Kapitel 3 präsentiert die Ergebnisse der Untersuchung der Struktur-Wirkungsbeziehungen von CpG-A und CpG-C. Es wird die Multimerisierung des Klasse A Oligodesoxynukleotids 2216 untersucht und die Bildung von Nanopartikeln im Größenbereich von Viren festgestellt. Darüber hinaus wird die Induktion von Interferon-alpha durch CpG-A in plasmazytoiden dendritischen Zellen analysiert. Die Ergebnisse zeigen, dass große Partikel von CpG-A die rasche Induktion von Interferon-alpha bewirken. Abschließend werden die strukturellen Eigenschaften des Klasse C Oligodesoxynukleotids M362 untersucht und die Ergebnisse in den Kontext der Zellversuche gesetzt.

Kapitel 4 behandelt die Entwicklung immunstimulatorischer Partikel unter Einsatz wirksamer Strukturelemente von CpG-A und CpG-C. Es werden polyvalente Linker - palindromische CpG-DNA - verwendet, um Nanopartikel zu konstruieren, die eine starke Induktion von Interferon-alpha in PBMCs nach Transfektion mit Poly-L-Arginin bewirken.

Schlüsselwörter

CpG-Oligodesoxynukleotide, Immunstimulation, Nanopartikel, Interferon-alpha, plasmazytoide dendritische Zellen, B-Zellen, Struktur-Wirkungsbeziehung, G-Tetraden, Palindrome, Poly-L-Arginine, Transfektion.

Häufig gestellte Fragen

Was sind CpG-Oligodesoxynukleotide?

CpG-ODN sind synthetische DNA-Fragmente, die bakterielle DNA imitieren und das angeborene Immunsystem über Toll-like Rezeptoren (TLR9) aktivieren.

Wie unterscheiden sich die CpG-Klassen A und C?

Klasse A induziert starkes Interferon-alpha in dendritischen Zellen. Klasse C kombiniert Eigenschaften von A und B und aktiviert sowohl dendritische Zellen als auch B-Zellen.

Warum ist die Multimerisierung von CpG-A wichtig?

CpG-A bildet große Nanopartikel (G-Tetraden), die im physiologischen Milieu stabil sein müssen, um eine schnelle und starke Immunantwort auszulösen.

Welche Rolle spielen plasmazytoide dendritische Zellen (PDCs)?

PDCs sind spezialisierte Immunzellen, die als Reaktion auf virale Infektionen oder CpG-DNA große Mengen an Typ-I-Interferon produzieren.

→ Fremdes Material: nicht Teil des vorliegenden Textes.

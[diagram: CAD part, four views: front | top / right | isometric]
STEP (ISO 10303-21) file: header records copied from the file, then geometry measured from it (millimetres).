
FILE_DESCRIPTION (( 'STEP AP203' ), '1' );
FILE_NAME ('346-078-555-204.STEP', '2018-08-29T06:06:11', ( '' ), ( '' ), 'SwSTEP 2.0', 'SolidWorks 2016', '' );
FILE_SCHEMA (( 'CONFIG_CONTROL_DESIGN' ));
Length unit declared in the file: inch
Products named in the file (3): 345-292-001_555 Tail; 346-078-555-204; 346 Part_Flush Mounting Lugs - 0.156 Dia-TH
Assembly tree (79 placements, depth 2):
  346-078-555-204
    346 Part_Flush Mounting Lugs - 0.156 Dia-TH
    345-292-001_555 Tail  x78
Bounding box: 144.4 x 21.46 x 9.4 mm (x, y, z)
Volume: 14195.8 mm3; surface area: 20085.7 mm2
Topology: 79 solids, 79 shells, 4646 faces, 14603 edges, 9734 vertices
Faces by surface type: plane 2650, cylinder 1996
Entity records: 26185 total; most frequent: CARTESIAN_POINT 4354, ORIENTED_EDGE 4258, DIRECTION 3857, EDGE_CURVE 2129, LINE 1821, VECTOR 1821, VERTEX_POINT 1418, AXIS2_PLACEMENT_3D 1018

Was ist das Ziel immunstimulatorischer Nanopartikel?

Sie sollen die Halbwertszeit von CpG-ODN im Körper erhöhen und die gezielte Aktivierung des Immunsystems für therapeutische Zwecke, z.B. gegen Infektionen, optimieren.

Welchen Einfluss haben Natriumionen auf die Struktur?

Natriumionen wirken stabilisierend auf den Aufbau der G-Tetraden, was eine Voraussetzung für die Bildung größerer, wirksamer Partikel ist.